### What this task involves:
Below is a listing. Set down exactly the lines from the one containing "line L1 (150, 210) -> (0, 210) construction" through the one containing "line L7 (150, 0) -> (150, 210) construction", both ends included, and leave out the rest.

### Extracted entries:
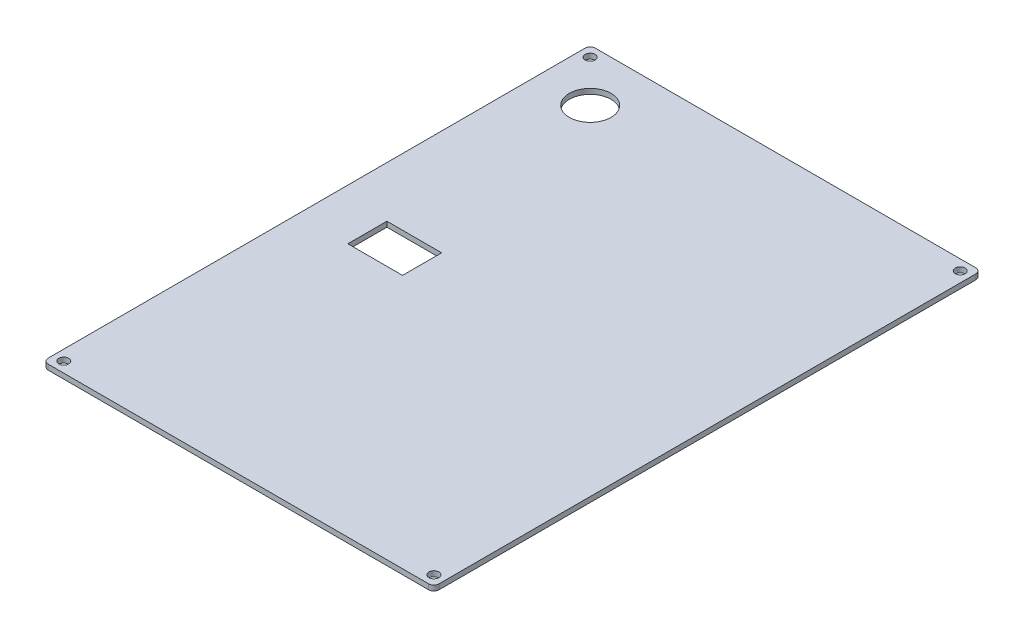
SolidWorks part; units mm, degrees
ref_plane "Front Plane" through (0, 0, 0) normal (0, 0, 1) x (1, 0, 0)
ref_plane "Top Plane" through (0, 0, 0) normal (0, 1, 0) x (1, 0, 0)
ref_plane "Right Plane" through (0, 0, 0) normal (1, 0, 0) x (0, 0, -1)
sketch "Sketch1" plane through (0, 0, 0) normal (0, 1, 0) x (1, 0, 0)
  line L1 (0, 0) -> (150, 0)
  line L2 (0, 0) -> (0, 210)
  line L3 (0, 210) -> (150, 210)
  line L4 (150, 0) -> (150, 210)
  dimension "D1" = 150
  dimension "D2" = 210
extrude "Boss-Extrude1" add sketch "Sketch1" along normal blind 2
sketch "Sketch2" plane through (0, 2, 0) normal (0, 1, 0) x (1, 0, 0)
  line L0 (4, 210) -> (4, 206) construction
  line L1 (150, 210) -> (0, 210) construction
  line L2 (4, 206) -> (0, 206) construction
  line L3 (0, 210) -> (0, 0) construction
  line L4 (75, 210) -> (75, 0) construction
  line L5 (0, 0) -> (150, 0) construction
  line L6 (0, 105) -> (150, 105) construction
  line L7 (150, 0) -> (150, 210) construction
  line L8 (146, 206) -> (150, 206) construction
  line L9 (146, 210) -> (146, 206) construction
  line L10 (146, 0) -> (146, 4) construction
  line L11 (146, 4) -> (150, 4) construction
  line L12 (4, 4) -> (0, 4) construction
  line L13 (4, 0) -> (4, 4) construction
  line L14 (140, 10) -> (140, 0) construction
  line L15 (140, 10) -> (150, 10) construction
  line L16 (0, 190) -> (20, 190) construction
  line L17 (20, 190) -> (20, 210) construction
  circle A0 centre (4, 206) radius 1.9
  circle A1 centre (146, 206) radius 1.9
  circle A2 centre (146, 4) radius 1.9
  circle A3 centre (4, 4) radius 1.9
  circle A5 centre (20, 190) radius 8
  dimension "D2" = 3.8
  dimension "D8" = 16
  dimension "D1" = 4
  dimension "D3" = 10
  dimension "D4" = 10
  dimension "D6" = 20
  dimension "D7" = 20
extrude "Cut-Extrude1" cut sketch "Sketch2" against normal blind 10
fillet "Fillet1" radius 2 4 edges at (0, 1, 0) (150, 1, 0) (150, 1, -210) (0, 1, -210)
sketch "Sketch3" plane through (0, 2, 0) normal (0, 1, 0) x (1, 0, 0)
  line L0 (0, 105) -> (30, 105) construction
  line L1 (0, 208) -> (0, 2) construction
  line L3 (19.5, 97.5) -> (40.5, 97.5)
  line L4 (19.5, 97.5) -> (19.5, 112.5)
  line L5 (19.5, 112.5) -> (40.5, 112.5)
  line L6 (40.5, 97.5) -> (40.5, 112.5)
  line L7 (19.5, 97.5) -> (40.5, 112.5) construction
  line L8 (19.5, 112.5) -> (40.5, 97.5) construction
  dimension "D1" = 30
  dimension "D2" = 21
  dimension "D3" = 15
extrude "Cut-Extrude2" cut sketch "Sketch3" against normal blind 10

### Exercise answer:
  line L1 (150, 210) -> (0, 210) construction
  line L2 (4, 206) -> (0, 206) construction
  line L3 (0, 210) -> (0, 0) construction
  line L4 (75, 210) -> (75, 0) construction
  line L5 (0, 0) -> (150, 0) construction
  line L6 (0, 105) -> (150, 105) construction
  line L7 (150, 0) -> (150, 210) construction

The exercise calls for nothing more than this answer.